- [Exercise]: Among the lines below, copy exactly those from the one with "#289=AXIS2_PLACEMENT_3D('',#286,#287,#288);" through the one with "#336=VECTOR('',#335,1.);", counting both ends.

(Data items)
· · · ·
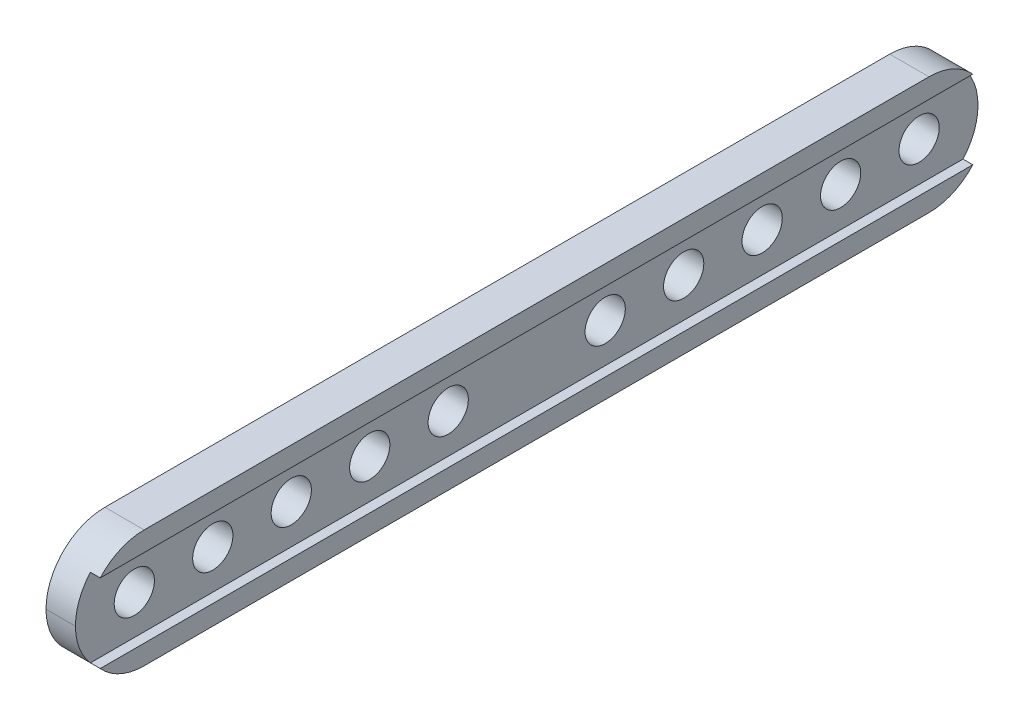
ISO-10303-21;
HEADER;
FILE_DESCRIPTION(('STEP AP214'),'2;1');
FILE_NAME('part.step','',(''),(''),'','','');
FILE_SCHEMA(('AUTOMOTIVE_DESIGN { 1 0 10303 214 1 1 1 1 }'));
ENDSEC;
DATA;
#1=APPLICATION_CONTEXT('core data for automotive mechanical design processes');
#2=APPLICATION_PROTOCOL_DEFINITION('international standard','automotive_design',2000,#1);
#3=PRODUCT_CONTEXT('',#1,'mechanical');
#4=PRODUCT('Part','Part','',(#3));
#5=PRODUCT_RELATED_PRODUCT_CATEGORY('part','',(#4));
#6=PRODUCT_DEFINITION_FORMATION('','',#4);
#7=PRODUCT_DEFINITION_CONTEXT('part definition',#1,'design');
#8=PRODUCT_DEFINITION('design','',#6,#7);
#9=PRODUCT_DEFINITION_SHAPE('','',#8);
#10=(LENGTH_UNIT() NAMED_UNIT(*) SI_UNIT(.MILLI.,.METRE.));
#11=(NAMED_UNIT(*) PLANE_ANGLE_UNIT() SI_UNIT($,.RADIAN.));
#12=(NAMED_UNIT(*) SI_UNIT($,.STERADIAN.) SOLID_ANGLE_UNIT());
#13=UNCERTAINTY_MEASURE_WITH_UNIT(LENGTH_MEASURE(1.E-05),#10,'distance_accuracy_value','');
#14=(GEOMETRIC_REPRESENTATION_CONTEXT(3) GLOBAL_UNCERTAINTY_ASSIGNED_CONTEXT((#13)) GLOBAL_UNIT_ASSIGNED_CONTEXT((#10,
#11,#12)) REPRESENTATION_CONTEXT('',''));
#15=CARTESIAN_POINT('',(0.,0.,0.));
#16=DIRECTION('',(0.,0.,1.));
#17=DIRECTION('',(1.,0.,0.));
#18=AXIS2_PLACEMENT_3D('',#15,#16,#17);
#19=CARTESIAN_POINT('',(4.,6.,-54.));
#20=DIRECTION('',(-1.,0.,0.));
#21=DIRECTION('',(0.,-1.,0.));
#22=AXIS2_PLACEMENT_3D('',#19,#20,#21);
#23=CYLINDRICAL_SURFACE('',#22,2.04999999999999);
#24=CARTESIAN_POINT('',(3.,6.,-54.));
#25=DIRECTION('',(1.,0.,0.));
#26=DIRECTION('',(0.,1.,0.));
#27=AXIS2_PLACEMENT_3D('',#24,#25,#26);
#28=CIRCLE('',#27,2.04999999999999);
#29=CARTESIAN_POINT('',(3.,8.04999999999999,-54.));
#30=VERTEX_POINT('',#29);
#31=EDGE_CURVE('E41',#30,#30,#28,.T.);
#32=ORIENTED_EDGE('',*,*,#31,.T.);
#33=EDGE_LOOP('',(#32));
#34=FACE_BOUND('',#33,.T.);
#35=CARTESIAN_POINT('',(0.,6.,-54.));
#36=DIRECTION('',(-1.,0.,0.));
#37=DIRECTION('',(0.,-1.,0.));
#38=AXIS2_PLACEMENT_3D('',#35,#36,#37);
#39=CIRCLE('',#38,2.04999999999999);
#40=CARTESIAN_POINT('',(0.,3.95000000000001,-54.));
#41=VERTEX_POINT('',#40);
#42=EDGE_CURVE('E11',#41,#41,#39,.T.);
#43=ORIENTED_EDGE('',*,*,#42,.T.);
#44=EDGE_LOOP('',(#43));
#45=FACE_BOUND('',#44,.T.);
#46=ADVANCED_FACE('F33',(#34,#45),#23,.F.);
#47=CARTESIAN_POINT('',(4.,6.,-62.));
#48=DIRECTION('',(-1.,0.,0.));
#49=DIRECTION('',(0.,-1.,0.));
#50=AXIS2_PLACEMENT_3D('',#47,#48,#49);
#51=CYLINDRICAL_SURFACE('',#50,2.04999999999999);
#52=CARTESIAN_POINT('',(3.,6.,-62.));
#53=DIRECTION('',(1.,0.,0.));
#54=DIRECTION('',(0.,1.,0.));
#55=AXIS2_PLACEMENT_3D('',#52,#53,#54);
#56=CIRCLE('',#55,2.04999999999999);
#57=CARTESIAN_POINT('',(3.,8.04999999999999,-62.));
#58=VERTEX_POINT('',#57);
#59=EDGE_CURVE('E185',#58,#58,#56,.T.);
#60=ORIENTED_EDGE('',*,*,#59,.T.);
#61=EDGE_LOOP('',(#60));
#62=FACE_BOUND('',#61,.T.);
#63=CARTESIAN_POINT('',(0.,6.,-62.));
#64=DIRECTION('',(-1.,0.,0.));
#65=DIRECTION('',(0.,-1.,0.));
#66=AXIS2_PLACEMENT_3D('',#63,#64,#65);
#67=CIRCLE('',#66,2.04999999999999);
#68=CARTESIAN_POINT('',(0.,3.95000000000001,-62.));
#69=VERTEX_POINT('',#68);
#70=EDGE_CURVE('E188',#69,#69,#67,.T.);
#71=ORIENTED_EDGE('',*,*,#70,.T.);
#72=EDGE_LOOP('',(#71));
#73=FACE_BOUND('',#72,.T.);
#74=ADVANCED_FACE('F270',(#62,#73),#51,.F.);
#75=CARTESIAN_POINT('',(4.,6.,-70.));
#76=DIRECTION('',(-1.,0.,0.));
#77=DIRECTION('',(0.,-1.,0.));
#78=AXIS2_PLACEMENT_3D('',#75,#76,#77);
#79=CYLINDRICAL_SURFACE('',#78,2.04999999999999);
#80=CARTESIAN_POINT('',(3.,6.,-70.));
#81=DIRECTION('',(1.,0.,0.));
#82=DIRECTION('',(0.,1.,0.));
#83=AXIS2_PLACEMENT_3D('',#80,#81,#82);
#84=CIRCLE('',#83,2.04999999999999);
#85=CARTESIAN_POINT('',(3.,8.04999999999999,-70.));
#86=VERTEX_POINT('',#85);
#87=EDGE_CURVE('E172',#86,#86,#84,.T.);
#88=ORIENTED_EDGE('',*,*,#87,.T.);
#89=EDGE_LOOP('',(#88));
#90=FACE_BOUND('',#89,.T.);
#91=CARTESIAN_POINT('',(0.,6.,-70.));
#92=DIRECTION('',(-1.,0.,0.));
#93=DIRECTION('',(0.,-1.,0.));
#94=AXIS2_PLACEMENT_3D('',#91,#92,#93);
#95=CIRCLE('',#94,2.04999999999999);
#96=CARTESIAN_POINT('',(0.,3.95000000000001,-70.));
#97=VERTEX_POINT('',#96);
#98=EDGE_CURVE('E182',#97,#97,#95,.T.);
#99=ORIENTED_EDGE('',*,*,#98,.T.);
#100=EDGE_LOOP('',(#99));
#101=FACE_BOUND('',#100,.T.);
#102=ADVANCED_FACE('F275',(#90,#101),#79,.F.);
#103=CARTESIAN_POINT('',(0.,0.,-92.));
#104=DIRECTION('',(-1.,0.,0.));
#105=DIRECTION('',(0.,-1.,0.));
#106=AXIS2_PLACEMENT_3D('',#103,#104,#105);
#107=PLANE('',#106);
#108=CARTESIAN_POINT('',(0.,6.,-22.));
#109=DIRECTION('',(1.,0.,0.));
#110=DIRECTION('',(0.,-1.,0.));
#111=AXIS2_PLACEMENT_3D('',#108,#109,#110);
#112=CIRCLE('',#111,2.04999999999999);
#113=CARTESIAN_POINT('',(0.,3.95000000000001,-22.));
#114=VERTEX_POINT('',#113);
#115=EDGE_CURVE('E205',#114,#114,#112,.T.);
#116=ORIENTED_EDGE('',*,*,#115,.T.);
#117=EDGE_LOOP('',(#116));
#118=FACE_BOUND('',#117,.T.);
#119=CARTESIAN_POINT('',(0.,6.,-30.));
#120=DIRECTION('',(1.,0.,0.));
#121=DIRECTION('',(0.,-1.,0.));
#122=AXIS2_PLACEMENT_3D('',#119,#120,#121);
#123=CIRCLE('',#122,2.04999999999999);
#124=CARTESIAN_POINT('',(0.,3.95000000000001,-30.));
#125=VERTEX_POINT('',#124);
#126=EDGE_CURVE('E351',#125,#125,#123,.T.);
#127=ORIENTED_EDGE('',*,*,#126,.T.);
#128=EDGE_LOOP('',(#127));
#129=FACE_BOUND('',#128,.T.);
#130=CARTESIAN_POINT('',(0.,6.,-38.));
#131=DIRECTION('',(1.,0.,0.));
#132=DIRECTION('',(0.,-1.,0.));
#133=AXIS2_PLACEMENT_3D('',#130,#131,#132);
#134=CIRCLE('',#133,2.04999999999999);
#135=CARTESIAN_POINT('',(0.,3.95000000000001,-38.));
#136=VERTEX_POINT('',#135);
#137=EDGE_CURVE('E218',#136,#136,#134,.T.);
#138=ORIENTED_EDGE('',*,*,#137,.T.);
#139=EDGE_LOOP('',(#138));
#140=FACE_BOUND('',#139,.T.);
#141=CARTESIAN_POINT('',(0.,6.,-14.));
#142=DIRECTION('',(1.,0.,0.));
#143=DIRECTION('',(0.,-1.,0.));
#144=AXIS2_PLACEMENT_3D('',#141,#142,#143);
#145=CIRCLE('',#144,2.04999999999999);
#146=CARTESIAN_POINT('',(0.,3.95000000000001,-14.));
#147=VERTEX_POINT('',#146);
#148=EDGE_CURVE('E201',#147,#147,#145,.T.);
#149=ORIENTED_EDGE('',*,*,#148,.T.);
#150=EDGE_LOOP('',(#149));
#151=FACE_BOUND('',#150,.T.);
#152=CARTESIAN_POINT('',(0.,6.,-6.00000000000001));
#153=DIRECTION('',(1.,0.,0.));
#154=DIRECTION('',(0.,-1.,0.));
#155=AXIS2_PLACEMENT_3D('',#152,#153,#154);
#156=CIRCLE('',#155,2.04999999999999);
#157=CARTESIAN_POINT('',(0.,3.95000000000001,-6.00000000000001));
#158=VERTEX_POINT('',#157);
#159=EDGE_CURVE('E197',#158,#158,#156,.T.);
#160=ORIENTED_EDGE('',*,*,#159,.T.);
#161=EDGE_LOOP('',(#160));
#162=FACE_BOUND('',#161,.T.);
#163=CARTESIAN_POINT('',(0.,6.,-78.));
#164=DIRECTION('',(-1.,0.,0.));
#165=DIRECTION('',(0.,-1.,0.));
#166=AXIS2_PLACEMENT_3D('',#163,#164,#165);
#167=CIRCLE('',#166,2.04999999999999);
#168=CARTESIAN_POINT('',(0.,3.95000000000001,-78.));
#169=VERTEX_POINT('',#168);
#170=EDGE_CURVE('E224',#169,#169,#167,.T.);
#171=ORIENTED_EDGE('',*,*,#170,.F.);
#172=EDGE_LOOP('',(#171));
#173=FACE_BOUND('',#172,.T.);
#174=CARTESIAN_POINT('',(0.,6.,-86.));
#175=DIRECTION('',(-1.,0.,0.));
#176=DIRECTION('',(0.,-1.,0.));
#177=AXIS2_PLACEMENT_3D('',#174,#175,#176);
#178=CIRCLE('',#177,2.04999999999999);
#179=CARTESIAN_POINT('',(0.,3.95000000000001,-86.));
#180=VERTEX_POINT('',#179);
#181=EDGE_CURVE('E179',#180,#180,#178,.T.);
#182=ORIENTED_EDGE('',*,*,#181,.F.);
#183=EDGE_LOOP('',(#182));
#184=FACE_BOUND('',#183,.T.);
#185=CARTESIAN_POINT('',(0.,6.,-6.));
#186=DIRECTION('',(-1.,0.,0.));
#187=DIRECTION('',(0.,-1.,0.));
#188=AXIS2_PLACEMENT_3D('',#185,#186,#187);
#189=CIRCLE('',#188,6.);
#190=CARTESIAN_POINT('',(0.,0.,-6.00000000000001));
#191=VERTEX_POINT('',#190);
#192=CARTESIAN_POINT('',(0.,6.,0.));
#193=VERTEX_POINT('',#192);
#194=EDGE_CURVE('E114',#191,#193,#189,.T.);
#195=ORIENTED_EDGE('',*,*,#194,.T.);
#196=CARTESIAN_POINT('',(0.,6.,-6.));
#197=DIRECTION('',(-1.,0.,0.));
#198=DIRECTION('',(0.,-1.,0.));
#199=AXIS2_PLACEMENT_3D('',#196,#197,#198);
#200=CIRCLE('',#199,6.);
#201=CARTESIAN_POINT('',(0.,12.,-6.00000000000001));
#202=VERTEX_POINT('',#201);
#203=EDGE_CURVE('E120',#193,#202,#200,.T.);
#204=ORIENTED_EDGE('',*,*,#203,.T.);
#205=DIRECTION('',(0.,0.,1.));
#206=VECTOR('',#205,1.);
#207=CARTESIAN_POINT('',(0.,12.,-92.));
#208=LINE('',#207,#206);
#209=CARTESIAN_POINT('',(0.,12.,-86.));
#210=VERTEX_POINT('',#209);
#211=EDGE_CURVE('E229',#210,#202,#208,.T.);
#212=ORIENTED_EDGE('',*,*,#211,.F.);
#213=CARTESIAN_POINT('',(0.,6.,-86.));
#214=DIRECTION('',(-1.,0.,0.));
#215=DIRECTION('',(0.,-1.,0.));
#216=AXIS2_PLACEMENT_3D('',#213,#214,#215);
#217=CIRCLE('',#216,6.);
#218=CARTESIAN_POINT('',(0.,6.,-92.));
#219=VERTEX_POINT('',#218);
#220=EDGE_CURVE('E231',#210,#219,#217,.T.);
#221=ORIENTED_EDGE('',*,*,#220,.T.);
#222=CARTESIAN_POINT('',(0.,6.,-86.));
#223=DIRECTION('',(-1.,0.,0.));
#224=DIRECTION('',(0.,-1.,0.));
#225=AXIS2_PLACEMENT_3D('',#222,#223,#224);
#226=CIRCLE('',#225,6.);
#227=CARTESIAN_POINT('',(0.,0.,-86.));
#228=VERTEX_POINT('',#227);
#229=EDGE_CURVE('E126',#219,#228,#226,.T.);
#230=ORIENTED_EDGE('',*,*,#229,.T.);
#231=DIRECTION('',(0.,0.,1.));
#232=VECTOR('',#231,1.);
#233=CARTESIAN_POINT('',(0.,0.,-92.));
#234=LINE('',#233,#232);
#235=EDGE_CURVE('E123',#228,#191,#234,.T.);
#236=ORIENTED_EDGE('',*,*,#235,.T.);
#237=EDGE_LOOP('',(#195,#204,#212,#221,#230,#236));
#238=FACE_BOUND('',#237,.T.);
#239=ORIENTED_EDGE('',*,*,#98,.F.);
#240=EDGE_LOOP('',(#239));
#241=FACE_BOUND('',#240,.T.);
#242=ORIENTED_EDGE('',*,*,#70,.F.);
#243=EDGE_LOOP('',(#242));
#244=FACE_BOUND('',#243,.T.);
#245=ORIENTED_EDGE('',*,*,#42,.F.);
#246=EDGE_LOOP('',(#245));
#247=FACE_BOUND('',#246,.T.);
#248=ADVANCED_FACE('F116',(#118,#129,#140,#151,#162,#173,#184,#238,#241,#244,#247),#107,.T.);
#249=CARTESIAN_POINT('',(0.,12.,-92.));
#250=DIRECTION('',(0.,1.,0.));
#251=DIRECTION('',(0.,0.,1.));
#252=AXIS2_PLACEMENT_3D('',#249,#250,#251);
#253=PLANE('',#252);
#254=ORIENTED_EDGE('',*,*,#211,.T.);
#255=DIRECTION('',(-1.,0.,0.));
#256=VECTOR('',#255,1.);
#257=CARTESIAN_POINT('',(4.,12.,-6.));
#258=LINE('',#257,#256);
#259=CARTESIAN_POINT('',(4.,12.,-6.00000000000001));
#260=VERTEX_POINT('',#259);
#261=EDGE_CURVE('E141',#202,#260,#258,.F.);
#262=ORIENTED_EDGE('',*,*,#261,.T.);
#263=DIRECTION('',(0.,0.,1.));
#264=VECTOR('',#263,1.);
#265=CARTESIAN_POINT('',(4.,12.,-92.));
#266=LINE('',#265,#264);
#267=CARTESIAN_POINT('',(4.,12.,-86.));
#268=VERTEX_POINT('',#267);
#269=EDGE_CURVE('E232',#268,#260,#266,.T.);
#270=ORIENTED_EDGE('',*,*,#269,.F.);
#271=DIRECTION('',(-1.,0.,0.));
#272=VECTOR('',#271,1.);
#273=CARTESIAN_POINT('',(0.,12.,-86.));
#274=LINE('',#273,#272);
#275=EDGE_CURVE('E142',#268,#210,#274,.T.);
#276=ORIENTED_EDGE('',*,*,#275,.T.);
#277=EDGE_LOOP('',(#254,#262,#270,#276));
#278=FACE_BOUND('',#277,.T.);
#279=ADVANCED_FACE('F282',(#278),#253,.T.);
#280=CARTESIAN_POINT('',(4.,10.,-92.));
#281=DIRECTION('',(1.,0.,0.));
#282=DIRECTION('',(0.,1.,0.));
#283=AXIS2_PLACEMENT_3D('',#280,#281,#282);
#284=PLANE('',#283);
#285=ORIENTED_EDGE('',*,*,#269,.T.);
#286=CARTESIAN_POINT('',(4.,6.,-6.));
#287=DIRECTION('',(1.,0.,0.));
#288=DIRECTION('',(0.,1.,0.));
#289=AXIS2_PLACEMENT_3D('',#286,#287,#288);
#290=CIRCLE('',#289,6.);
#291=CARTESIAN_POINT('',(4.,10.,-1.52786404500042));
#292=VERTEX_POINT('',#291);
#293=EDGE_CURVE('E150',#260,#292,#290,.T.);
#294=ORIENTED_EDGE('',*,*,#293,.T.);
#295=DIRECTION('',(0.,0.,1.));
#296=VECTOR('',#295,1.);
#297=CARTESIAN_POINT('',(4.,10.,-92.));
#298=LINE('',#297,#296);
#299=CARTESIAN_POINT('',(4.,10.,-90.4721359549996));
#300=VERTEX_POINT('',#299);
#301=EDGE_CURVE('E235',#300,#292,#298,.T.);
#302=ORIENTED_EDGE('',*,*,#301,.F.);
#303=CARTESIAN_POINT('',(4.,6.,-86.));
#304=DIRECTION('',(1.,0.,0.));
#305=DIRECTION('',(0.,1.,0.));
#306=AXIS2_PLACEMENT_3D('',#303,#304,#305);
#307=CIRCLE('',#306,6.);
#308=EDGE_CURVE('E148',#300,#268,#307,.T.);
#309=ORIENTED_EDGE('',*,*,#308,.T.);
#310=EDGE_LOOP('',(#285,#294,#302,#309));
#311=FACE_BOUND('',#310,.T.);
#312=ADVANCED_FACE('F289',(#311),#284,.T.);
#313=CARTESIAN_POINT('',(4.,10.,-92.));
#314=DIRECTION('',(0.,-1.,0.));
#315=DIRECTION('',(1.,0.,0.));
#316=AXIS2_PLACEMENT_3D('',#313,#314,#315);
#317=PLANE('',#316);
#318=ORIENTED_EDGE('',*,*,#301,.T.);
#319=DIRECTION('',(1.,0.,0.));
#320=VECTOR('',#319,1.);
#321=CARTESIAN_POINT('',(4.,10.,-1.52786404500043));
#322=LINE('',#321,#320);
#323=CARTESIAN_POINT('',(3.,10.,-1.52786404500042));
#324=VERTEX_POINT('',#323);
#325=EDGE_CURVE('E154',#292,#324,#322,.F.);
#326=ORIENTED_EDGE('',*,*,#325,.T.);
#327=DIRECTION('',(0.,0.,1.));
#328=VECTOR('',#327,1.);
#329=CARTESIAN_POINT('',(3.,10.,-92.));
#330=LINE('',#329,#328);
#331=CARTESIAN_POINT('',(3.,10.,-90.4721359549996));
#332=VERTEX_POINT('',#331);
#333=EDGE_CURVE('E238',#332,#324,#330,.T.);
#334=ORIENTED_EDGE('',*,*,#333,.F.);
#335=DIRECTION('',(-1.,0.,0.));
#336=VECTOR('',#335,1.);
#337=CARTESIAN_POINT('',(3.,10.,-90.4721359549996));
#338=LINE('',#337,#336);
#339=EDGE_CURVE('E152',#332,#300,#338,.F.);
#340=ORIENTED_EDGE('',*,*,#339,.T.);
#341=EDGE_LOOP('',(#318,#326,#334,#340));
#342=FACE_BOUND('',#341,.T.);
#343=ADVANCED_FACE('F318',(#342),#317,.T.);
#344=CARTESIAN_POINT('',(3.,10.,-92.));
#345=DIRECTION('',(1.,0.,0.));
#346=DIRECTION('',(0.,1.,0.));
#347=AXIS2_PLACEMENT_3D('',#344,#345,#346);
#348=PLANE('',#347);
#349=CARTESIAN_POINT('',(3.,6.,-22.));
#350=DIRECTION('',(1.,0.,0.));
#351=DIRECTION('',(0.,1.,0.));
#352=AXIS2_PLACEMENT_3D('',#349,#350,#351);
#353=CIRCLE('',#352,2.04999999999999);
#354=CARTESIAN_POINT('',(3.,8.04999999999999,-22.));
#355=VERTEX_POINT('',#354);
#356=EDGE_CURVE('E36',#355,#355,#353,.F.);
#357=ORIENTED_EDGE('',*,*,#356,.T.);
#358=EDGE_LOOP('',(#357));
#359=FACE_BOUND('',#358,.T.);
#360=CARTESIAN_POINT('',(3.,6.,-30.));
#361=DIRECTION('',(1.,0.,0.));
#362=DIRECTION('',(0.,1.,0.));
#363=AXIS2_PLACEMENT_3D('',#360,#361,#362);
#364=CIRCLE('',#363,2.04999999999999);
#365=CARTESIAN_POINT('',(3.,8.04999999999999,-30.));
· · · ·
- [Answer]:
#289=AXIS2_PLACEMENT_3D('',#286,#287,#288);
#290=CIRCLE('',#289,6.);
#291=CARTESIAN_POINT('',(4.,10.,-1.52786404500042));
#292=VERTEX_POINT('',#291);
#293=EDGE_CURVE('E150',#260,#292,#290,.T.);
#294=ORIENTED_EDGE('',*,*,#293,.T.);
#295=DIRECTION('',(0.,0.,1.));
#296=VECTOR('',#295,1.);
#297=CARTESIAN_POINT('',(4.,10.,-92.));
#298=LINE('',#297,#296);
#299=CARTESIAN_POINT('',(4.,10.,-90.4721359549996));
#300=VERTEX_POINT('',#299);
#301=EDGE_CURVE('E235',#300,#292,#298,.T.);
#302=ORIENTED_EDGE('',*,*,#301,.F.);
#303=CARTESIAN_POINT('',(4.,6.,-86.));
#304=DIRECTION('',(1.,0.,0.));
#305=DIRECTION('',(0.,1.,0.));
#306=AXIS2_PLACEMENT_3D('',#303,#304,#305);
#307=CIRCLE('',#306,6.);
#308=EDGE_CURVE('E148',#300,#268,#307,.T.);
#309=ORIENTED_EDGE('',*,*,#308,.T.);
#310=EDGE_LOOP('',(#285,#294,#302,#309));
#311=FACE_BOUND('',#310,.T.);
#312=ADVANCED_FACE('F289',(#311),#284,.T.);
#313=CARTESIAN_POINT('',(4.,10.,-92.));
#314=DIRECTION('',(0.,-1.,0.));
#315=DIRECTION('',(1.,0.,0.));
#316=AXIS2_PLACEMENT_3D('',#313,#314,#315);
#317=PLANE('',#316);
#318=ORIENTED_EDGE('',*,*,#301,.T.);
#319=DIRECTION('',(1.,0.,0.));
#320=VECTOR('',#319,1.);
#321=CARTESIAN_POINT('',(4.,10.,-1.52786404500043));
#322=LINE('',#321,#320);
#323=CARTESIAN_POINT('',(3.,10.,-1.52786404500042));
#324=VERTEX_POINT('',#323);
#325=EDGE_CURVE('E154',#292,#324,#322,.F.);
#326=ORIENTED_EDGE('',*,*,#325,.T.);
#327=DIRECTION('',(0.,0.,1.));
#328=VECTOR('',#327,1.);
#329=CARTESIAN_POINT('',(3.,10.,-92.));
#330=LINE('',#329,#328);
#331=CARTESIAN_POINT('',(3.,10.,-90.4721359549996));
#332=VERTEX_POINT('',#331);
#333=EDGE_CURVE('E238',#332,#324,#330,.T.);
#334=ORIENTED_EDGE('',*,*,#333,.F.);
#335=DIRECTION('',(-1.,0.,0.));
#336=VECTOR('',#335,1.);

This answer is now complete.